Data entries
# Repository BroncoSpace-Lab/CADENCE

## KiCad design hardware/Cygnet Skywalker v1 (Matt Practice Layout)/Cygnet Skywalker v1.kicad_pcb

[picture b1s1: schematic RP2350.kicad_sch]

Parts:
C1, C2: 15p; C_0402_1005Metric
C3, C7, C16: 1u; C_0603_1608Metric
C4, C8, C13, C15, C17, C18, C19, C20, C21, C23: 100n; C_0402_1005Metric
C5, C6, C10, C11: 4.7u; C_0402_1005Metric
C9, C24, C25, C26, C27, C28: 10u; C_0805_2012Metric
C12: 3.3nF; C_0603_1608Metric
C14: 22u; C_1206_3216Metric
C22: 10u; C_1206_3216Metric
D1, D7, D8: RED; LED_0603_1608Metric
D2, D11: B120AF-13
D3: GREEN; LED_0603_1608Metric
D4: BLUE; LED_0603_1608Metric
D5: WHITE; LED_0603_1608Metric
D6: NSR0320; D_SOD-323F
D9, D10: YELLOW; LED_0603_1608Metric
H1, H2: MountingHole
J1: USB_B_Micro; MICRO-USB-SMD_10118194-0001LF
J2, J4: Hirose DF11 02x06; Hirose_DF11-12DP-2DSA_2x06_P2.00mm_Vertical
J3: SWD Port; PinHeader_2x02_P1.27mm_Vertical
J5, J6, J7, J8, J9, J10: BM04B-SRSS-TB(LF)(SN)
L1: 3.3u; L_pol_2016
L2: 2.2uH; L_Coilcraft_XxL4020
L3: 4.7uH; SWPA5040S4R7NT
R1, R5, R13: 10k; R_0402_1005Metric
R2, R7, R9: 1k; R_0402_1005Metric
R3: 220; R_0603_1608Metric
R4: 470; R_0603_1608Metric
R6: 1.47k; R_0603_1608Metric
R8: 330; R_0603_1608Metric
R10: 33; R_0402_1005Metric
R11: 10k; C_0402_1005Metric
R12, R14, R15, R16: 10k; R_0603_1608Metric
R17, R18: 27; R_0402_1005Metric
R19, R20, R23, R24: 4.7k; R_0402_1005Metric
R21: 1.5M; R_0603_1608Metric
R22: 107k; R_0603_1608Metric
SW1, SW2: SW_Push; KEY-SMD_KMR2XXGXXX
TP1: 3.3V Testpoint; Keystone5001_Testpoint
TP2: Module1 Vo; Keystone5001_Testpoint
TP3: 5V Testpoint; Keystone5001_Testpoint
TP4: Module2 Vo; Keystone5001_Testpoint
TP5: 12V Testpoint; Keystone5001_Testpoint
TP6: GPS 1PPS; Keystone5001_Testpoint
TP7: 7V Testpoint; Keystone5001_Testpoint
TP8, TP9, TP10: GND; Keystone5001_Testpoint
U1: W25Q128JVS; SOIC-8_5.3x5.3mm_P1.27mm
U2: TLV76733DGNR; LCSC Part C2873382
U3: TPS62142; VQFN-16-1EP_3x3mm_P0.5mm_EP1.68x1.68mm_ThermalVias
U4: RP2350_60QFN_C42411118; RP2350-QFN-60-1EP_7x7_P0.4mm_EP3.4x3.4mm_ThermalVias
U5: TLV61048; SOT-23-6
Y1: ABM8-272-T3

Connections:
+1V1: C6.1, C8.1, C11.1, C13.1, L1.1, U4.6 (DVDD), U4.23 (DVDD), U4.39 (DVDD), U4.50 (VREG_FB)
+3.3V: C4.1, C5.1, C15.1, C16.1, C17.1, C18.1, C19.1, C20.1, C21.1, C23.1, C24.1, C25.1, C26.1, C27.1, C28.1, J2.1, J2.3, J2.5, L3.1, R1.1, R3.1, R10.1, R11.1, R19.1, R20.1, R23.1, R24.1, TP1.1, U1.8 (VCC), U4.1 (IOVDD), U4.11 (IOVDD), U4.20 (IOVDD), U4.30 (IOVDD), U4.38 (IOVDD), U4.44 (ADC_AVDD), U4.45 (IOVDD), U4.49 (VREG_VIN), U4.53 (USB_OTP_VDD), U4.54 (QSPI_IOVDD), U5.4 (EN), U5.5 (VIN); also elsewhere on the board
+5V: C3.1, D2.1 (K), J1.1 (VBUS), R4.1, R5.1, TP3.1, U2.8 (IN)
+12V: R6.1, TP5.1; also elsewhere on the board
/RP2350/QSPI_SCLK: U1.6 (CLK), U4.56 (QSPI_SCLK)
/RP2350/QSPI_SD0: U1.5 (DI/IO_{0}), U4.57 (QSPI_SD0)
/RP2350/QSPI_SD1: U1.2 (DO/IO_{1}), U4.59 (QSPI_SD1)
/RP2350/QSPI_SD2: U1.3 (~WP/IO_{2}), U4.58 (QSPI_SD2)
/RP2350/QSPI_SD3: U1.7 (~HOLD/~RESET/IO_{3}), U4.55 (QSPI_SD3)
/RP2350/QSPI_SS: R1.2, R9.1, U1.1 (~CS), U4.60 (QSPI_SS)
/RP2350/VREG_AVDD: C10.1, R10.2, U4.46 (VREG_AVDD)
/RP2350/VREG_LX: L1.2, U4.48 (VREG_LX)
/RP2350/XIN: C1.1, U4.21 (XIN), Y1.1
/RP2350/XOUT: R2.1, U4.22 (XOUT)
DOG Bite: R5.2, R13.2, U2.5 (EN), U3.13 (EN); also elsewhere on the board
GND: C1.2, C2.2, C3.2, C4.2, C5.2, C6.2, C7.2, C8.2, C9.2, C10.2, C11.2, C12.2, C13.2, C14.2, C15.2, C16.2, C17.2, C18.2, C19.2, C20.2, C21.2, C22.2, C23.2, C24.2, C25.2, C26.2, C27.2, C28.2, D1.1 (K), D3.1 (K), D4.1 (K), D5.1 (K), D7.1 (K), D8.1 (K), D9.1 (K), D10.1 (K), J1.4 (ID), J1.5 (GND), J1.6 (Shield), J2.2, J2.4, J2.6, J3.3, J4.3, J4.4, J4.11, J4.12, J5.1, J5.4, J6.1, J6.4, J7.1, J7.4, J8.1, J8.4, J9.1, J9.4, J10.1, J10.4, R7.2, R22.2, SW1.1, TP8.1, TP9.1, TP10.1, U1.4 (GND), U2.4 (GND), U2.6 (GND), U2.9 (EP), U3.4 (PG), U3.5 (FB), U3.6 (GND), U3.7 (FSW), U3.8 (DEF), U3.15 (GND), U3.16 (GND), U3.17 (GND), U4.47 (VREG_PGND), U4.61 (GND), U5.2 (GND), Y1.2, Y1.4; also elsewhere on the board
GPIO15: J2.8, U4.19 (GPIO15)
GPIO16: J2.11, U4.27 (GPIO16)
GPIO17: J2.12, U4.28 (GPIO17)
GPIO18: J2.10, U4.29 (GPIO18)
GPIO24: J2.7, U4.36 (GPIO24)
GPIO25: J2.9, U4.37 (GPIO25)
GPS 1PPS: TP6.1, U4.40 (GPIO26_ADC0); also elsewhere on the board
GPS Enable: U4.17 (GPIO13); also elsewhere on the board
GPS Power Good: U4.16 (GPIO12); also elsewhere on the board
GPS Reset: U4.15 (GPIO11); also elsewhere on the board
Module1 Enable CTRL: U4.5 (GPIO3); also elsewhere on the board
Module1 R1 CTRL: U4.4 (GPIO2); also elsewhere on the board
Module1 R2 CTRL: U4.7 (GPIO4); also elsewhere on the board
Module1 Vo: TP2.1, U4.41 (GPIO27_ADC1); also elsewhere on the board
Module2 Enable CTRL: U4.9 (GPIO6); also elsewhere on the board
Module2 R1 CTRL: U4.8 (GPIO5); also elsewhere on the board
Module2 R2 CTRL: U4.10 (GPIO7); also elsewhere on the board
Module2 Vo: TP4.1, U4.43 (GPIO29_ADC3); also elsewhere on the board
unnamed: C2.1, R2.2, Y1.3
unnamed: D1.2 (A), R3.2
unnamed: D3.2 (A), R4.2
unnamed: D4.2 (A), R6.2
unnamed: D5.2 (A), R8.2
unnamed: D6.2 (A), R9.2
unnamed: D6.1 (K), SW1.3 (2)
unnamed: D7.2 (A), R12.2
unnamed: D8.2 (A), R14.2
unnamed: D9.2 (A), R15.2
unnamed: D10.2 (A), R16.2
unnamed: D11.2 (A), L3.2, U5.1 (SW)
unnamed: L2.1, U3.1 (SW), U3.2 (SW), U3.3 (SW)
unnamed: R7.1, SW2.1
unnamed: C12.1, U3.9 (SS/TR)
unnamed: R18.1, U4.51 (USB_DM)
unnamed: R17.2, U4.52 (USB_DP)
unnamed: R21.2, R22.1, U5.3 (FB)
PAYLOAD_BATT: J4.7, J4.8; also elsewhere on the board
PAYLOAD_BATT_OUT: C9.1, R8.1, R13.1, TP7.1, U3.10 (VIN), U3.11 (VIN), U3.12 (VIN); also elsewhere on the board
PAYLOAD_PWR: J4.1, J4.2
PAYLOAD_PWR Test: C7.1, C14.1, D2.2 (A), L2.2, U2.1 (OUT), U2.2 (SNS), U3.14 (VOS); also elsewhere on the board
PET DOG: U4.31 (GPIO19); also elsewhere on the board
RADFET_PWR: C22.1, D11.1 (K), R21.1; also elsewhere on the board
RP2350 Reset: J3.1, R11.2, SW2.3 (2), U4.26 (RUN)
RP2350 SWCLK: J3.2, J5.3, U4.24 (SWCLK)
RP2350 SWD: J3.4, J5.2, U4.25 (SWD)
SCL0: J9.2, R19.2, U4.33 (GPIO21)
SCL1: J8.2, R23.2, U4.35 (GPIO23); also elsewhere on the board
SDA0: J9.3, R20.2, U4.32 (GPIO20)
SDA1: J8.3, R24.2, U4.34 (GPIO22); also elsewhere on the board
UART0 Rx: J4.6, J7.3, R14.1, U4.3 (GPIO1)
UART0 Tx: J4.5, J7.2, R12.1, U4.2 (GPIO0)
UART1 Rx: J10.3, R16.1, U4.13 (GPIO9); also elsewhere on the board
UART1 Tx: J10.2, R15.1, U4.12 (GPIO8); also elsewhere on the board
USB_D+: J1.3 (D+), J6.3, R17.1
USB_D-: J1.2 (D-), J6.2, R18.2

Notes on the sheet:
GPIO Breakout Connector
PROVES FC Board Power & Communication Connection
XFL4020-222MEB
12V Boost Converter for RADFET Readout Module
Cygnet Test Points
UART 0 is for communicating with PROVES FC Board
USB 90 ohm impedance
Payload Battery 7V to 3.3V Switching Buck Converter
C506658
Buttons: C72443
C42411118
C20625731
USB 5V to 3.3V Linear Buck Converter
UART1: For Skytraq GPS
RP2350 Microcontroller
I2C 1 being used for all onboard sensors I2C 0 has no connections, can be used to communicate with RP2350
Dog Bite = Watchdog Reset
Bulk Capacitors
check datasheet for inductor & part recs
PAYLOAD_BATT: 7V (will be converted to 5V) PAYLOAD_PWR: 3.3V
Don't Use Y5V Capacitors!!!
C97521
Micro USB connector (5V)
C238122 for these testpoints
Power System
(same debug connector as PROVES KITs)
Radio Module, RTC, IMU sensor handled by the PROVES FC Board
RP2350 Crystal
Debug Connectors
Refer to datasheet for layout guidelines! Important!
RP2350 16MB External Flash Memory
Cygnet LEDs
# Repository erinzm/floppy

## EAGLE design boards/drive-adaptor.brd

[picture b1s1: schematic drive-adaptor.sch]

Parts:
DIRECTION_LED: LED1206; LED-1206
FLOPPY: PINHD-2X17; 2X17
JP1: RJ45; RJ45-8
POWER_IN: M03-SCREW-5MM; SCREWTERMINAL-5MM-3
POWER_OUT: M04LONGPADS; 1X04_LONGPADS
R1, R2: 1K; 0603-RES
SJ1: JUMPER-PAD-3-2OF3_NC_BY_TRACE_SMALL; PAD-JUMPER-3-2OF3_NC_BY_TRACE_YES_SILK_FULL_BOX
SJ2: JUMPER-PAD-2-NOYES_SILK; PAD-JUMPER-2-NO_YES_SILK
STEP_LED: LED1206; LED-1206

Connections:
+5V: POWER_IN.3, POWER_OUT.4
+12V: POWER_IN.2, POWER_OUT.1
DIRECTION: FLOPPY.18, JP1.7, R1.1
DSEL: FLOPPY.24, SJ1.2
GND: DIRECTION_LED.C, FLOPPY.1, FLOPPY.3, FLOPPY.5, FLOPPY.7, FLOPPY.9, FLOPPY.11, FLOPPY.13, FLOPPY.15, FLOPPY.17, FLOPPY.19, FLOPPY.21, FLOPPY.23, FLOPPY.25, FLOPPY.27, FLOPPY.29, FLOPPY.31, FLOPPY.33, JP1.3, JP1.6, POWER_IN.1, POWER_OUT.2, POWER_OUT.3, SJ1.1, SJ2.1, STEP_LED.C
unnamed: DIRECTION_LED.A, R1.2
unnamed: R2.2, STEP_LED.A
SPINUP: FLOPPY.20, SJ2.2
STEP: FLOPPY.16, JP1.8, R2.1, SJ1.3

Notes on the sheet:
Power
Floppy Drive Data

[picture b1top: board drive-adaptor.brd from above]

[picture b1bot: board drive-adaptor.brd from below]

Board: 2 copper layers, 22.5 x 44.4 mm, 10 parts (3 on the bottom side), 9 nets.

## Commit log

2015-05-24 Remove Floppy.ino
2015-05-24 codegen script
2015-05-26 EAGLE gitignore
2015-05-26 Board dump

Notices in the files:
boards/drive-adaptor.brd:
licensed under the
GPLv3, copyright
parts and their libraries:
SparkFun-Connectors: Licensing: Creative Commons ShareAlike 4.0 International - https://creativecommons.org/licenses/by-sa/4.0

About this task
Return only the lines between the one holding "L2: 2.2uH; L_Coilcraft_XxL4020" and the one holding "R22: 107k; R_0603_1608Metric", inclusive, exactly as they appear above.

Task solution
L2: 2.2uH; L_Coilcraft_XxL4020
L3: 4.7uH; SWPA5040S4R7NT
R1, R5, R13: 10k; R_0402_1005Metric
R2, R7, R9: 1k; R_0402_1005Metric
R3: 220; R_0603_1608Metric
R4: 470; R_0603_1608Metric
R6: 1.47k; R_0603_1608Metric
R8: 330; R_0603_1608Metric
R10: 33; R_0402_1005Metric
R11: 10k; C_0402_1005Metric
R12, R14, R15, R16: 10k; R_0603_1608Metric
R17, R18: 27; R_0402_1005Metric
R19, R20, R23, R24: 4.7k; R_0402_1005Metric
R21: 1.5M; R_0603_1608Metric
R22: 107k; R_0603_1608Metric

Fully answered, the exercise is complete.